Before now, McCain’s criticisms of the Iraqi leadership had been moderated by his status as just another American legislator, albeit one with more clout than some of the other drop-in visitors to the Green Zone. Now that McCain may be the best friend they have left in the upcoming presidential election, they may take his suggestions on speeding up reconciliation efforts closer to heart.
And John Burns, from his conclusion:
American hopes are that Iraqis, with enough American troops still present to stiffen the new Iraqi forces and prevent a slide backward toward all-out civil war, will ultimately tire of the violence in the way of other peoples who have been plunged into communal violence, as many Lebanese did during their 15-year civil war.
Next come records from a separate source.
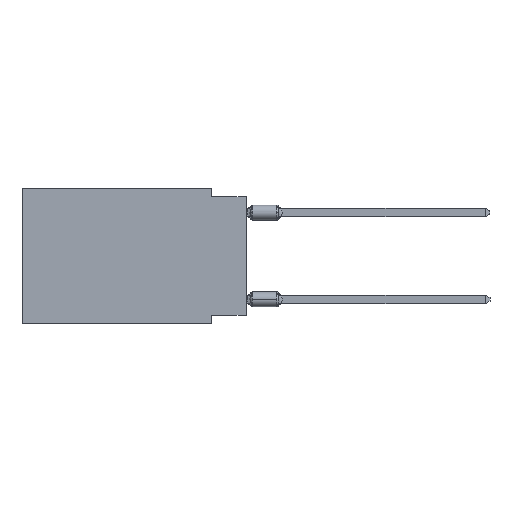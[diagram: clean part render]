
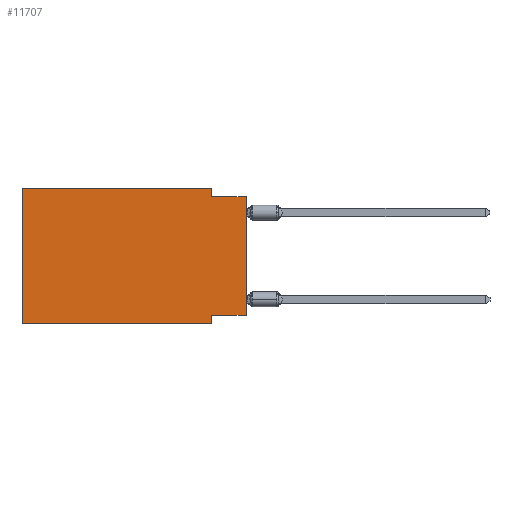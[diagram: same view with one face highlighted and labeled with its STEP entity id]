
A CAD part, left-side view. The second image highlights one B-rep face of the part: STEP entity #11707.
In plain terms, the highlighted planar face has unit normal (-1, 0, 0).
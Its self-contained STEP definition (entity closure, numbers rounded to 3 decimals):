
#7 = CARTESIAN_POINT ( 'NONE',  ( 0., 0., 0. ) ) ;
#203 = VERTEX_POINT ( 'NONE', #1538 ) ;
#559 = CARTESIAN_POINT ( 'NONE',  ( 0., 0., -0.635 ) ) ;
#930 = EDGE_CURVE ( 'NONE', #15544, #10936, #15492, .T. ) ;
#1098 = EDGE_CURVE ( 'NONE', #12076, #11784, #6802, .T. ) ;
#1159 = LINE ( 'NONE', #11674, #7148 ) ;
#1325 = LINE ( 'NONE', #7, #11010 ) ;
#1481 = ORIENTED_EDGE ( 'NONE', *, *, #3884, .T. ) ;
#1538 = CARTESIAN_POINT ( 'NONE',  ( 0., 16.383, 0. ) ) ;
#2228 = VECTOR ( 'NONE', #15362, 1000. ) ;
#3060 = LINE ( 'NONE', #9685, #6790 ) ;
#3193 = DIRECTION ( 'NONE',  ( 1., 0., 0. ) ) ;
#3311 = DIRECTION ( 'NONE',  ( 0., -1., 0. ) ) ;
#3345 = ORIENTED_EDGE ( 'NONE', *, *, #11851, .F. ) ;
#3506 = ORIENTED_EDGE ( 'NONE', *, *, #16395, .F. ) ;
#3800 = CARTESIAN_POINT ( 'NONE',  ( 0., 2.54, -9.906 ) ) ;
#3884 = EDGE_CURVE ( 'NONE', #15544, #7200, #1325, .T. ) ;
#4592 = VECTOR ( 'NONE', #15402, 1000. ) ;
#4796 = CARTESIAN_POINT ( 'NONE',  ( 0., 0., -9.271 ) ) ;
#5241 = DIRECTION ( 'NONE',  ( 0., 0., -1. ) ) ;
#5347 = ORIENTED_EDGE ( 'NONE', *, *, #1098, .T. ) ;
#5728 = DIRECTION ( 'NONE',  ( 0., 0., -1. ) ) ;
#5847 = DIRECTION ( 'NONE',  ( 0., -1., 0. ) ) ;
#6606 = EDGE_CURVE ( 'NONE', #10936, #11784, #12161, .T. ) ;
#6790 = VECTOR ( 'NONE', #3311, 1000. ) ;
#6802 = LINE ( 'NONE', #13164, #8740 ) ;
#7118 = CARTESIAN_POINT ( 'NONE',  ( 0., 16.383, 0. ) ) ;
#7148 = VECTOR ( 'NONE', #5241, 1000. ) ;
#7200 = VERTEX_POINT ( 'NONE', #13783 ) ;
#7216 = AXIS2_PLACEMENT_3D ( 'NONE', #7118, #3193, #5728 ) ;
#7525 = CARTESIAN_POINT ( 'NONE',  ( 0., 16.383, 0. ) ) ;
#8063 = ORIENTED_EDGE ( 'NONE', *, *, #16818, .F. ) ;
#8740 = VECTOR ( 'NONE', #12120, 1000. ) ;
#9629 = CARTESIAN_POINT ( 'NONE',  ( 0., 2.54, -9.906 ) ) ;
#9685 = CARTESIAN_POINT ( 'NONE',  ( 0., 16.383, 0. ) ) ;
#9803 = CARTESIAN_POINT ( 'NONE',  ( 0., 16.383, -9.906 ) ) ;
#10073 = LINE ( 'NONE', #7525, #2228 ) ;
#10155 = CARTESIAN_POINT ( 'NONE',  ( 0., 2.54, -0.635 ) ) ;
#10543 = VERTEX_POINT ( 'NONE', #12269 ) ;
#10608 = VECTOR ( 'NONE', #13809, 1000. ) ;
#10711 = DIRECTION ( 'NONE',  ( 0., 0., 1. ) ) ;
#10936 = VERTEX_POINT ( 'NONE', #13387 ) ;
#11010 = VECTOR ( 'NONE', #10711, 1000. ) ;
#11296 = FACE_OUTER_BOUND ( 'NONE', #15015, .T. ) ;
#11674 = CARTESIAN_POINT ( 'NONE',  ( 0., 2.54, 0. ) ) ;
#11707 = ADVANCED_FACE ( 'NONE', ( #11296 ), #13658, .F. ) ;
#11784 = VERTEX_POINT ( 'NONE', #3800 ) ;
#11812 = VERTEX_POINT ( 'NONE', #10155 ) ;
#11851 = EDGE_CURVE ( 'NONE', #12076, #203, #10073, .T. ) ;
#12076 = VERTEX_POINT ( 'NONE', #9803 ) ;
#12120 = DIRECTION ( 'NONE',  ( 0., -1., 0. ) ) ;
#12161 = LINE ( 'NONE', #9629, #10608 ) ;
#12269 = CARTESIAN_POINT ( 'NONE',  ( 0., 2.54, 0. ) ) ;
#12293 = CARTESIAN_POINT ( 'NONE',  ( 0., 0., -9.271 ) ) ;
#12484 = LINE ( 'NONE', #559, #16197 ) ;
#12740 = EDGE_CURVE ( 'NONE', #10543, #11812, #1159, .T. ) ;
#13164 = CARTESIAN_POINT ( 'NONE',  ( 0., 16.383, -9.906 ) ) ;
#13387 = CARTESIAN_POINT ( 'NONE',  ( 0., 2.54, -9.271 ) ) ;
#13658 = PLANE ( 'NONE',  #7216 ) ;
#13783 = CARTESIAN_POINT ( 'NONE',  ( 0., 0., -0.635 ) ) ;
#13809 = DIRECTION ( 'NONE',  ( 0., 0., -1. ) ) ;
#14016 = ORIENTED_EDGE ( 'NONE', *, *, #12740, .F. ) ;
#15015 = EDGE_LOOP ( 'NONE', ( #1481, #3506, #14016, #8063, #3345, #5347, #15400, #16273 ) ) ;
#15362 = DIRECTION ( 'NONE',  ( 0., 0., 1. ) ) ;
#15400 = ORIENTED_EDGE ( 'NONE', *, *, #6606, .F. ) ;
#15402 = DIRECTION ( 'NONE',  ( 0., 1., 0. ) ) ;
#15492 = LINE ( 'NONE', #4796, #4592 ) ;
#15544 = VERTEX_POINT ( 'NONE', #12293 ) ;
#16197 = VECTOR ( 'NONE', #5847, 1000. ) ;
#16273 = ORIENTED_EDGE ( 'NONE', *, *, #930, .F. ) ;
#16395 = EDGE_CURVE ( 'NONE', #11812, #7200, #12484, .T. ) ;
#16818 = EDGE_CURVE ( 'NONE', #203, #10543, #3060, .T. ) ;

Those hopes have been buoyed by a reduction in violence in the last year that can been traced to the American troop increase and to the cooperation or quiescence of some previously militant groups, both Sunni and Shiite.
They are hopes shared by many ordinary Iraqis. Opinion polls, including those commissioned by the American command, have long suggested that a majority of Iraqis would like American troops withdrawn, but another lesson to be drawn from Saddam Hussein’s years is that any attempt to measure opinion in Iraq is fatally skewed by intimidation. More often than not, people tell pollsters and reporters what they think is safe, not necessarily what they believe. My own experience, invariably, was that Iraqis I met who felt secure enough to speak with candor had an overwhelming desire to see American troops remain long enough to restore stability.
That sentiment is not one that many critics of the war in the United States seem willing to accept, but neither does it offer the glimmer of cheer that it might seem to offer to many supporters of the war. For it would be passing strange, after the years of unrelenting bloodshed, if Iraqis demanded anything else. It is small credit to the invasion, after all it has cost, that Iraqis should arrive at a point when all they want from America is a return to something, stability, that they had under Saddam. For America, too, it is a deeply dispiriting prospect, promising no early end to the bleeding in Iraq.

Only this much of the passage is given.